With a ton of color variation and texture showing from my artificial weathering process, I wiped on some antique walnut stain, a combination polyurethane and stain product.
I overcoated the entire piece, metal and all. After the first coat, the distressed wood looked colorful and rich. The metal became dull, beneath the coat of stain.
After a couple coats of stain dried, I gave them a quick, hand-sanding with 220 grit sandpaper. I paid special attention to cleaning the stain off the metal inlay. It brightened right back up.

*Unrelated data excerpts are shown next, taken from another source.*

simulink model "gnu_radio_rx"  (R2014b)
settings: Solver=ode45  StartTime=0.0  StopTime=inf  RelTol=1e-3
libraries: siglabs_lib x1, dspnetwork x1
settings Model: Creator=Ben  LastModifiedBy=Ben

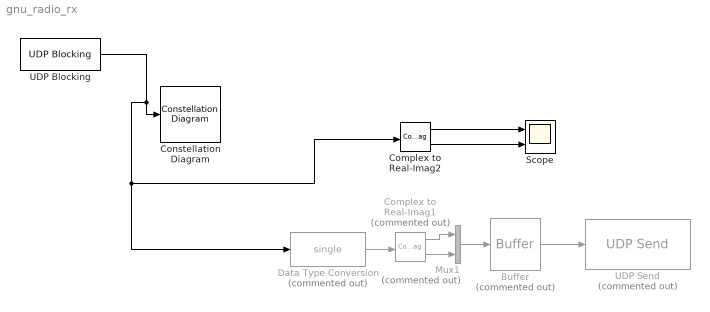
== system gnu_radio_rx ==
  Buffer : Buffer  Commented=on  N=180  TreatMby1Signals=One channel
  Complex to Real-Imag1 : ComplexToRealImag  Commented=on
  Complex to Real-Imag2 : ComplexToRealImag
  Constellation Diagram : ConstellationDiagram
  Data Type Conversion : DataTypeConversion  Commented=on  OutDataTypeStr=single
  Mux1 : Mux  Commented=on  Inputs=2
  Scope : Scope  NumInputPorts=2
      settings: YMin=-1~-1  YMax=1~1
  UDP Blocking : siglabs_lib/UDP Blocking  sample_time=1/1000
  UDP Send : dspnetwork/UDP Send  Commented=on  remoteURL='192.168.1.24'  remotePort=1234  localURL='0.0.0.0'  localPortSource=Automatically determine  localPort=-1  sampletime=-1  separateLengthPort=0
  wires:
  UDP Blocking/1 -> Complex to Real-Imag2/1, Data Type Conversion/1, Constellation Diagram/1
  Data Type Conversion/1 -> Complex to Real-Imag1/1
  Complex to Real-Imag1/1 -> Mux1/1
  Complex to Real-Imag1/2 -> Mux1/2
  Mux1/1 -> Buffer/1
  Buffer/1 -> UDP Send/1
  Complex to Real-Imag2/1 -> Scope/1
  Complex to Real-Imag2/2 -> Scope/2

Once the piece was sanded down again, I cleaned off the dust and applied a thick coat of the marine varnish I'd used on my pallet wood pirate flag project to create a monolithic surface. It filled the little cracks and splits I'd created in the aging process.
When the lacquer dried I gave it a quick rubdown with a fine#0 3M sanding pad to take out little blemishes, bubbles and streaks. I cleaned it up with a damp rag.
Building the Lap Pad
I don't have a clue how to sew, but I've came up with a working method to make a comfortable, good-looking lap pad. I started by cutting a piece of craft store simple foam cushion with our kitchen scissors. I sized it a couple inches smaller than the desktop.
I laid a thin piece of hardboard (leftover beadboard from the closet built-in project) on top to the foam pad and stretched some light green fabric around it tightly. I used heavy staples around the entire perimeter and cut off the excess fabric. My hand stapler didn't quite drive the staples in all the way in so I hammered them.
I squoze nearly an entire tube of Liquid Nails Wood Project Adhesive on the back side of the pad. I kept it away from the edges to avoid squish-out, but let it flow out onto the fabric edge to lock it in place.
Reaching yet another point in the project when I have to leave it to dry, I put some weight on a piece of scrap wood to press the two pieces into the adhesive.
The Rustic Lap Desk with Decorative Metal Inlay
A few hours of drying time and it was complete. I set it down on the couch for a few minutes...
... and it was spotted by a gremlin who snatched it up.